● **Task prompt**
Given the material below, return only the lines starting at the line with "Sum10/1 -> k_d_phi/1, Sum21/2, k_p_phi/1" and ending at the line with "Integrator15/1 -> Sum7/1", exactly as they appear.
(Source data)
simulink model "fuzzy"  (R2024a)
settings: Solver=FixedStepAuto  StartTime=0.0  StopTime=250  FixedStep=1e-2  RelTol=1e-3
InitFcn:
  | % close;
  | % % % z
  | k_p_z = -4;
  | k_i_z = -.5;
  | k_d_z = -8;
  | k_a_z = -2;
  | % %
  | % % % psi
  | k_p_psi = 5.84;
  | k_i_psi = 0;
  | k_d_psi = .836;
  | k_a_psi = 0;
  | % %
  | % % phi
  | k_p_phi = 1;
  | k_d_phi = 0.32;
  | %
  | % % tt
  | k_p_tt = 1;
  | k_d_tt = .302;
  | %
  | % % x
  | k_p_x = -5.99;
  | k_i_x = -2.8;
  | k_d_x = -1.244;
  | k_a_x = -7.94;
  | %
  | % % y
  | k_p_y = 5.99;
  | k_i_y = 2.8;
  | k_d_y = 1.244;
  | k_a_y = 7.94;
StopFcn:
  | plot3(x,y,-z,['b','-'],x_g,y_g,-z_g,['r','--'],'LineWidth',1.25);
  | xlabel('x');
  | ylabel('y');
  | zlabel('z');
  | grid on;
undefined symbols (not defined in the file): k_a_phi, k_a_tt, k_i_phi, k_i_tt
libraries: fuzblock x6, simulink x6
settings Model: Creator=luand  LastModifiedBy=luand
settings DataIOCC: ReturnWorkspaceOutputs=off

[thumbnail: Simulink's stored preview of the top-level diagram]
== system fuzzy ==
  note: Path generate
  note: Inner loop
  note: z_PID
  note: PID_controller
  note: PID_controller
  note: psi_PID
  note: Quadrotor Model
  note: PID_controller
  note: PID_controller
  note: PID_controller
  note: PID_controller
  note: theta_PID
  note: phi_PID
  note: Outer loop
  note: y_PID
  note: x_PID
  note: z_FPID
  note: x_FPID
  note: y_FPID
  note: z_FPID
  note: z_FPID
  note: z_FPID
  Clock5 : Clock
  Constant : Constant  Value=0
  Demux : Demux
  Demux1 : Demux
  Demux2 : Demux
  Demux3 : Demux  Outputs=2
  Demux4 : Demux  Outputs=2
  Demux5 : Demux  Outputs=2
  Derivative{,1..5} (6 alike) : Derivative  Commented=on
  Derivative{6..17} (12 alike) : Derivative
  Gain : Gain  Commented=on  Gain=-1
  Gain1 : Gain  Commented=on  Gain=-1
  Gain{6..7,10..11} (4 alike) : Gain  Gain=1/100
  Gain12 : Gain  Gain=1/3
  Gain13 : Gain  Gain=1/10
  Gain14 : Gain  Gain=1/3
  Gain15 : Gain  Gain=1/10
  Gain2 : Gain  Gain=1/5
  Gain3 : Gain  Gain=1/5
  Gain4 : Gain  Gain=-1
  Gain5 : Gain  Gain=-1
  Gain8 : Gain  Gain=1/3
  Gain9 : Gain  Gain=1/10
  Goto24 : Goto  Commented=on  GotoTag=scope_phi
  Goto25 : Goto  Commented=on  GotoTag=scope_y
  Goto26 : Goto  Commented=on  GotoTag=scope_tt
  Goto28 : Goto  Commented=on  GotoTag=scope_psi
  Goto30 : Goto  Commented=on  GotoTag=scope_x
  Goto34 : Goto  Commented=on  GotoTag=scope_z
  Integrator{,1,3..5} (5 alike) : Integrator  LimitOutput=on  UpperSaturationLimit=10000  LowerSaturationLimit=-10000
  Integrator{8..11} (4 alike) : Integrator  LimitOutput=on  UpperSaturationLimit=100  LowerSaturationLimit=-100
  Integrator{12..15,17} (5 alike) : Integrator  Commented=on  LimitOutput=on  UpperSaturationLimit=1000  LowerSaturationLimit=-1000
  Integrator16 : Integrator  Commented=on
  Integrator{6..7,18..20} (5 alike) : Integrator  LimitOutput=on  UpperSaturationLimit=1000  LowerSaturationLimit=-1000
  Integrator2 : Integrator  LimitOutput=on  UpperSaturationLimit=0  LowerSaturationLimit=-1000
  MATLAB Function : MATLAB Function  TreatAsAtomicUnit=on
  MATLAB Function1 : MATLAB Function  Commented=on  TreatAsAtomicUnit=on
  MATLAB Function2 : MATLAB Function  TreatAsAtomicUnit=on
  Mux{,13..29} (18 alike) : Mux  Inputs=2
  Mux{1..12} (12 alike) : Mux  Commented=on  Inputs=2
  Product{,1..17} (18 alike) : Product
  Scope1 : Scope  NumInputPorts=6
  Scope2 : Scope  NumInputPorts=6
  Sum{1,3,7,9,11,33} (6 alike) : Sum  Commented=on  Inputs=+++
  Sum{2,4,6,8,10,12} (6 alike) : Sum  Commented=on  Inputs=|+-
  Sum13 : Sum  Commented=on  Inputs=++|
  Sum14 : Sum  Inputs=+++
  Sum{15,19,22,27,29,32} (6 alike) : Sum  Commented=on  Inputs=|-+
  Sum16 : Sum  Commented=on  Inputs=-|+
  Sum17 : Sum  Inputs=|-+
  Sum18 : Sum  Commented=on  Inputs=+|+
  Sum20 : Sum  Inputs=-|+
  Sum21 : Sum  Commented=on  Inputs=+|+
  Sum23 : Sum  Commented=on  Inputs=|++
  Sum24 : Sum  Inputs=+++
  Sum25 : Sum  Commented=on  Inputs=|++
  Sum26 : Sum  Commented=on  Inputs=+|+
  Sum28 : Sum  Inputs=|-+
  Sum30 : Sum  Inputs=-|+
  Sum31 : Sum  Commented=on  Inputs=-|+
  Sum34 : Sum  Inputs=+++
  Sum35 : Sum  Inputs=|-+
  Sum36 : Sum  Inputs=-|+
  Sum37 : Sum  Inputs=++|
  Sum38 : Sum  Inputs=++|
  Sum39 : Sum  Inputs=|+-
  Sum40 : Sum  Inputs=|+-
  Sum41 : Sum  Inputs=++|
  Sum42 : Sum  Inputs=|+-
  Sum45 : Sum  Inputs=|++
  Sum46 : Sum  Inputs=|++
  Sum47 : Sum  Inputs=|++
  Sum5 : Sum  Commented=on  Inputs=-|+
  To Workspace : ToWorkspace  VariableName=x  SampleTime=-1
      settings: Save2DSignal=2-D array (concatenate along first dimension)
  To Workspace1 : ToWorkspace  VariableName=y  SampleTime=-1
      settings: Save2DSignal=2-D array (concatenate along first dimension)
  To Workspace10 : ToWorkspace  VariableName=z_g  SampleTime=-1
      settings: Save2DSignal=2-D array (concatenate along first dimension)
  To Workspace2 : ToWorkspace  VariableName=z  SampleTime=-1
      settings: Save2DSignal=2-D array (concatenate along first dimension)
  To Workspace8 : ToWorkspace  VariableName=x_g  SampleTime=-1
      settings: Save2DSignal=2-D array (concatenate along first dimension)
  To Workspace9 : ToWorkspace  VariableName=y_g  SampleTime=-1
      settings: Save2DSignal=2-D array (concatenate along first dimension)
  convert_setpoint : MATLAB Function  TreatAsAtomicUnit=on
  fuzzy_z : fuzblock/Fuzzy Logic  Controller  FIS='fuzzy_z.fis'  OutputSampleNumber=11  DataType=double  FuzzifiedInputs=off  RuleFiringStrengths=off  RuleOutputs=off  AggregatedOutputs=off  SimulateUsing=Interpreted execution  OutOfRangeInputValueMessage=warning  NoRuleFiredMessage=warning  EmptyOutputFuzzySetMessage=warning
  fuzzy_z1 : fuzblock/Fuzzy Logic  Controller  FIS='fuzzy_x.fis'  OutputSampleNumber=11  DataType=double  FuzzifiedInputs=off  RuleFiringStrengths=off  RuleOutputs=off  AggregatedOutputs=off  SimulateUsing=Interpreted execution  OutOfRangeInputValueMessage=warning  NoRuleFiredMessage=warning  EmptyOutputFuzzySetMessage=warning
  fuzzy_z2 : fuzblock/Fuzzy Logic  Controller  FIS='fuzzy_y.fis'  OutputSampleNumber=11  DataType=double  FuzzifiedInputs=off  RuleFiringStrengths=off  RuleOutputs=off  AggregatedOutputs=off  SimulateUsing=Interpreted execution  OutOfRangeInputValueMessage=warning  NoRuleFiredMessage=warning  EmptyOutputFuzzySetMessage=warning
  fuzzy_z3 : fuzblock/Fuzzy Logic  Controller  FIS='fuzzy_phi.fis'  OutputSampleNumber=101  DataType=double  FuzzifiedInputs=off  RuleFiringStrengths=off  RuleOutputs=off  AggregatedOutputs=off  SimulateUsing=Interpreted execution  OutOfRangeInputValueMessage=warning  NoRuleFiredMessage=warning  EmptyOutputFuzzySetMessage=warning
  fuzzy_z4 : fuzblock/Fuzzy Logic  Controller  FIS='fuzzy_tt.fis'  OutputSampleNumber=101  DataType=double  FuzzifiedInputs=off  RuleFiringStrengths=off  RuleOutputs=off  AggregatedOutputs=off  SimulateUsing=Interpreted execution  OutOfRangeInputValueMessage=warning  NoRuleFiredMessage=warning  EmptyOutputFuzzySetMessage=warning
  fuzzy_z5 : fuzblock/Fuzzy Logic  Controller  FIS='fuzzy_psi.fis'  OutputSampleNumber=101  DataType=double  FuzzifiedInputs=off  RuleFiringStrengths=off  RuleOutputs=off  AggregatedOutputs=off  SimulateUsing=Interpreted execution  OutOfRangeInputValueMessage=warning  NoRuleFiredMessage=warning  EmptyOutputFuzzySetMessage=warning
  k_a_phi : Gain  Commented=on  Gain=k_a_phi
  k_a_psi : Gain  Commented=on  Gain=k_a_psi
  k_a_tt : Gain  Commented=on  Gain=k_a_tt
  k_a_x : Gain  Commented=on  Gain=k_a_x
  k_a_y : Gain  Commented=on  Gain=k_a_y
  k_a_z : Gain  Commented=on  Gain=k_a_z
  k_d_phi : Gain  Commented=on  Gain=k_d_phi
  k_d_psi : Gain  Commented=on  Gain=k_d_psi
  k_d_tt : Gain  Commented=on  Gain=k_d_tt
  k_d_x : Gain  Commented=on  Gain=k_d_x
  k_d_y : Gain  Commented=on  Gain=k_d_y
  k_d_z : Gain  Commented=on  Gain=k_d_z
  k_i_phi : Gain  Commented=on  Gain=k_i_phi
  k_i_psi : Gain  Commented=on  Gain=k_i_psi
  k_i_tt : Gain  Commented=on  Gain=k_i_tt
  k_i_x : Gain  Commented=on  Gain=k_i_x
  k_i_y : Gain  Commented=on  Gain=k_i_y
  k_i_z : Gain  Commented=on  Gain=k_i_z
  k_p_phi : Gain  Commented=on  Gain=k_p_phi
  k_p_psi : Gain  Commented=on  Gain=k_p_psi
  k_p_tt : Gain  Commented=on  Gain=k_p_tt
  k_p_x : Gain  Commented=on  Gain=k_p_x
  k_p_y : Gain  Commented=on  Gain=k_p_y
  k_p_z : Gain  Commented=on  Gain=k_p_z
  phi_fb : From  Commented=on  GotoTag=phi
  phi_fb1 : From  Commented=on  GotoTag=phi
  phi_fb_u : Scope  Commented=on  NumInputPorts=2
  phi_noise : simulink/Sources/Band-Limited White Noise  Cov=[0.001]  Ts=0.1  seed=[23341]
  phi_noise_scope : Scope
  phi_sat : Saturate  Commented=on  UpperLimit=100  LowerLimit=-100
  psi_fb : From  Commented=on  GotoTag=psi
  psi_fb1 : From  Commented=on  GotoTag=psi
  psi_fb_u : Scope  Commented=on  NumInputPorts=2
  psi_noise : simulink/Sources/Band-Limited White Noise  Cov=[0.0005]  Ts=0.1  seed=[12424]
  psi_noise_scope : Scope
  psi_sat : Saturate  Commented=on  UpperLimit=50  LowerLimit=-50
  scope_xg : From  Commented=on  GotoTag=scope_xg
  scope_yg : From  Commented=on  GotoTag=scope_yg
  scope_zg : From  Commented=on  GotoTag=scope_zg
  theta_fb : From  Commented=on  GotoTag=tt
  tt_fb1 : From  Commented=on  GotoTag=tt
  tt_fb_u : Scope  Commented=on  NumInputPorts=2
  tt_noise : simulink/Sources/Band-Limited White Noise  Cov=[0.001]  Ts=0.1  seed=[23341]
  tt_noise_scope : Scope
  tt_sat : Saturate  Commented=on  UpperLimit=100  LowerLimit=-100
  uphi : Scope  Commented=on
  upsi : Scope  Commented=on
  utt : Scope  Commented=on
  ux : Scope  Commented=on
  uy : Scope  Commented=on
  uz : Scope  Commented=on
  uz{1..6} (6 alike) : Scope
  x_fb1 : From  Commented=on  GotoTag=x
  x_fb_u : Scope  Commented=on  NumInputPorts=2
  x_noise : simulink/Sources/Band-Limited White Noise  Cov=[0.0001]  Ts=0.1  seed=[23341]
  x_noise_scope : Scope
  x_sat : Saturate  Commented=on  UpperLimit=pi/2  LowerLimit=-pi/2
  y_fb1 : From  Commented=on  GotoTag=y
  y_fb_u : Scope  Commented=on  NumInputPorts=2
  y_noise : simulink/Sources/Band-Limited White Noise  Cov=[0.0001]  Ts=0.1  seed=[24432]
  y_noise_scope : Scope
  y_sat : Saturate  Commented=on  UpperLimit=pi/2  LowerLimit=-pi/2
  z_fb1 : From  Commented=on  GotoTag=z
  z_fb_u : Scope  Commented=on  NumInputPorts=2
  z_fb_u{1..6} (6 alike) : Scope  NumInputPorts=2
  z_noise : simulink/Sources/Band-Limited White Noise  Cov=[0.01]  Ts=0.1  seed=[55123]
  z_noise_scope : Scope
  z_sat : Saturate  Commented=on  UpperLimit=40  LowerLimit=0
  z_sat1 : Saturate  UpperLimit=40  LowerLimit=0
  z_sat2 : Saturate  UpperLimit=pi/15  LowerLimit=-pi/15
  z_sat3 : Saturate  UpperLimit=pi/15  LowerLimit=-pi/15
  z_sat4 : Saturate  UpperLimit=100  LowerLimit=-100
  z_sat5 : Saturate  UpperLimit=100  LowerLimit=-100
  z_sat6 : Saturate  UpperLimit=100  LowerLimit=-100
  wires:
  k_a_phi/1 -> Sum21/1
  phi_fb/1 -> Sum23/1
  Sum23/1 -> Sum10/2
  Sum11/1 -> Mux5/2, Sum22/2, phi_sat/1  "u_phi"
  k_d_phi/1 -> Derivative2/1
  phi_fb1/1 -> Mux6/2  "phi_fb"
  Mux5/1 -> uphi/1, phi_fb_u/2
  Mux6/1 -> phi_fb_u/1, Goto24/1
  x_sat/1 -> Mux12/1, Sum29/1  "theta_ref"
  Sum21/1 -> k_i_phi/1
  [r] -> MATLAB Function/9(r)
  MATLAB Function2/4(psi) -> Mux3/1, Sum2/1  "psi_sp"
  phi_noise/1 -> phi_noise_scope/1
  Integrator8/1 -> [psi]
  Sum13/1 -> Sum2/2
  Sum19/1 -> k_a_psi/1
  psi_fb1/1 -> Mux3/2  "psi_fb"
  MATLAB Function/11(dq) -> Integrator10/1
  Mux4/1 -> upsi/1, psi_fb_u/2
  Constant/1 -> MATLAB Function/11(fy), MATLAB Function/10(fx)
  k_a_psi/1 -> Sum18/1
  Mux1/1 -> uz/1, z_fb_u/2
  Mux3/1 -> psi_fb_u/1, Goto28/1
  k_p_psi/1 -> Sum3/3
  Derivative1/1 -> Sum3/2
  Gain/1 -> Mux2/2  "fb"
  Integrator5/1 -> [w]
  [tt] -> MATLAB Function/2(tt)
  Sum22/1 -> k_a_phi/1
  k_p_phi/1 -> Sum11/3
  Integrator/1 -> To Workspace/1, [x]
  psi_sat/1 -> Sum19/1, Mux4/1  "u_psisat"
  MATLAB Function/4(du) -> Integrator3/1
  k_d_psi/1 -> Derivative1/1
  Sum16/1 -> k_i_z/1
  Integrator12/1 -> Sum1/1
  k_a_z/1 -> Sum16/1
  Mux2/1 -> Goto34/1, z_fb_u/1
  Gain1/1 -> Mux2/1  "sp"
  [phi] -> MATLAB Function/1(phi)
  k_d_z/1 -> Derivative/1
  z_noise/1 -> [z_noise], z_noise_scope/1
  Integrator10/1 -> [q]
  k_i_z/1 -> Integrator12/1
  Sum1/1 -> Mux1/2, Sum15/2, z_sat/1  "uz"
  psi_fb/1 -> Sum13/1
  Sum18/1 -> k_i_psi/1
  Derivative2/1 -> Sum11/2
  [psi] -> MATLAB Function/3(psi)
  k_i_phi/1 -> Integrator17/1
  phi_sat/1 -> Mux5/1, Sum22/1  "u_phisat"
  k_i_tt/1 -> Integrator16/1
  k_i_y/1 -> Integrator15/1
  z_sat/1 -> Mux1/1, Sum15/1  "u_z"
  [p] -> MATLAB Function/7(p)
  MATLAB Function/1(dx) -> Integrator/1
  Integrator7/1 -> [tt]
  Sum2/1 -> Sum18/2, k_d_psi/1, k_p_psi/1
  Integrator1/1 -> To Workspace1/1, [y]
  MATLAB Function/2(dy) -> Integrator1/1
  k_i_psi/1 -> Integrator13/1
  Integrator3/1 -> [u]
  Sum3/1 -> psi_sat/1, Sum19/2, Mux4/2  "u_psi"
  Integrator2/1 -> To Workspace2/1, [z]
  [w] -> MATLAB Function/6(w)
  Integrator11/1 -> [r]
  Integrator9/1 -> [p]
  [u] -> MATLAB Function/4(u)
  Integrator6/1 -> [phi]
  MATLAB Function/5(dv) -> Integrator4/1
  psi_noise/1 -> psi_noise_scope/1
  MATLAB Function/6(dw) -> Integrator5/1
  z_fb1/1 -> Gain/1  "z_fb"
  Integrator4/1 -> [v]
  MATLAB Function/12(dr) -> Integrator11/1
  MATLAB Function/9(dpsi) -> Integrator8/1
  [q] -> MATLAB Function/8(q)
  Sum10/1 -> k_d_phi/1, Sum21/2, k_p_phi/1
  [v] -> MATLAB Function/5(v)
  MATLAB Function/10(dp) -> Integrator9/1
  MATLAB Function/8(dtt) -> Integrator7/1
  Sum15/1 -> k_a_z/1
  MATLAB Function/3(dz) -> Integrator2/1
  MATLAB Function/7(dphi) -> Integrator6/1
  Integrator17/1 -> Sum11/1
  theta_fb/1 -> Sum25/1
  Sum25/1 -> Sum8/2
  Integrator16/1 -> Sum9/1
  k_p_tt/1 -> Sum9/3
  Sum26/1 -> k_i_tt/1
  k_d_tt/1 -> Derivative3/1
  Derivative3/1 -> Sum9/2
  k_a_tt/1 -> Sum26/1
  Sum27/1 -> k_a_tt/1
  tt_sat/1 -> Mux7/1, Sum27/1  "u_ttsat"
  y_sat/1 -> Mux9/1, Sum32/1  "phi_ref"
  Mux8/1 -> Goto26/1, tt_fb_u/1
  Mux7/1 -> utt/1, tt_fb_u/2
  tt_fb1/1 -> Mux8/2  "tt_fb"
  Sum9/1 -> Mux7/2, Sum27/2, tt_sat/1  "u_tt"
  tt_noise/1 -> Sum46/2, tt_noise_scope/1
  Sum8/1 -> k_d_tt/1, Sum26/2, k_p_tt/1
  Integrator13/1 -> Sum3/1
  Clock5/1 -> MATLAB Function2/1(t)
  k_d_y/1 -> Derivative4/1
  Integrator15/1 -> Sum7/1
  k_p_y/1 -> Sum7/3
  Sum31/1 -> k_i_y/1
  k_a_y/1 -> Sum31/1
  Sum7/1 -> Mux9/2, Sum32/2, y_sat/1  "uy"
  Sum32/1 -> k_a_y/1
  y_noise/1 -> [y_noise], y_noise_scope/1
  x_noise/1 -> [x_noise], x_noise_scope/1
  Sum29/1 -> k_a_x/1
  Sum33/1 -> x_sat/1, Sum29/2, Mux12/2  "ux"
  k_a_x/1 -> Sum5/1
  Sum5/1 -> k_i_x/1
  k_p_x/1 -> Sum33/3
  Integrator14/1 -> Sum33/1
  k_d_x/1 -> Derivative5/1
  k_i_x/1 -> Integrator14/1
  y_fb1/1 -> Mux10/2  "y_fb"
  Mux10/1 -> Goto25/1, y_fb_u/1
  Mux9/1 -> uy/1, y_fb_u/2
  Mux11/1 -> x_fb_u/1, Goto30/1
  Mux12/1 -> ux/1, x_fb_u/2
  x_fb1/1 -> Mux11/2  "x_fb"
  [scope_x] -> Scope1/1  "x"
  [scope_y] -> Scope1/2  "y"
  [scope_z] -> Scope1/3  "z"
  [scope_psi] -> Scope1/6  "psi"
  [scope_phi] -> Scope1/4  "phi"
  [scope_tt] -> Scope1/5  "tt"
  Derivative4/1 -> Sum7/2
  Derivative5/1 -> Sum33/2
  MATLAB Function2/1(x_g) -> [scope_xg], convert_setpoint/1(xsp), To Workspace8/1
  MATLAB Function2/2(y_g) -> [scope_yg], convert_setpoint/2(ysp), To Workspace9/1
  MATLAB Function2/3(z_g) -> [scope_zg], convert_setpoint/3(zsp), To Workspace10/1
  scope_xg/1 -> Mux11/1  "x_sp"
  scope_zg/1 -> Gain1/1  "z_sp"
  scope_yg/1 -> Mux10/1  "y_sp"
(End Source data)
● **Answer section**
  Sum10/1 -> k_d_phi/1, Sum21/2, k_p_phi/1
  [v] -> MATLAB Function/5(v)
  MATLAB Function/10(dp) -> Integrator9/1
  MATLAB Function/8(dtt) -> Integrator7/1
  Sum15/1 -> k_a_z/1
  MATLAB Function/3(dz) -> Integrator2/1
  MATLAB Function/7(dphi) -> Integrator6/1
  Integrator17/1 -> Sum11/1
  theta_fb/1 -> Sum25/1
  Sum25/1 -> Sum8/2
  Integrator16/1 -> Sum9/1
  k_p_tt/1 -> Sum9/3
  Sum26/1 -> k_i_tt/1
  k_d_tt/1 -> Derivative3/1
  Derivative3/1 -> Sum9/2
  k_a_tt/1 -> Sum26/1
  Sum27/1 -> k_a_tt/1
  tt_sat/1 -> Mux7/1, Sum27/1  "u_ttsat"
  y_sat/1 -> Mux9/1, Sum32/1  "phi_ref"
  Mux8/1 -> Goto26/1, tt_fb_u/1
  Mux7/1 -> utt/1, tt_fb_u/2
  tt_fb1/1 -> Mux8/2  "tt_fb"
  Sum9/1 -> Mux7/2, Sum27/2, tt_sat/1  "u_tt"
  tt_noise/1 -> Sum46/2, tt_noise_scope/1
  Sum8/1 -> k_d_tt/1, Sum26/2, k_p_tt/1
  Integrator13/1 -> Sum3/1
  Clock5/1 -> MATLAB Function2/1(t)
  k_d_y/1 -> Derivative4/1
  Integrator15/1 -> Sum7/1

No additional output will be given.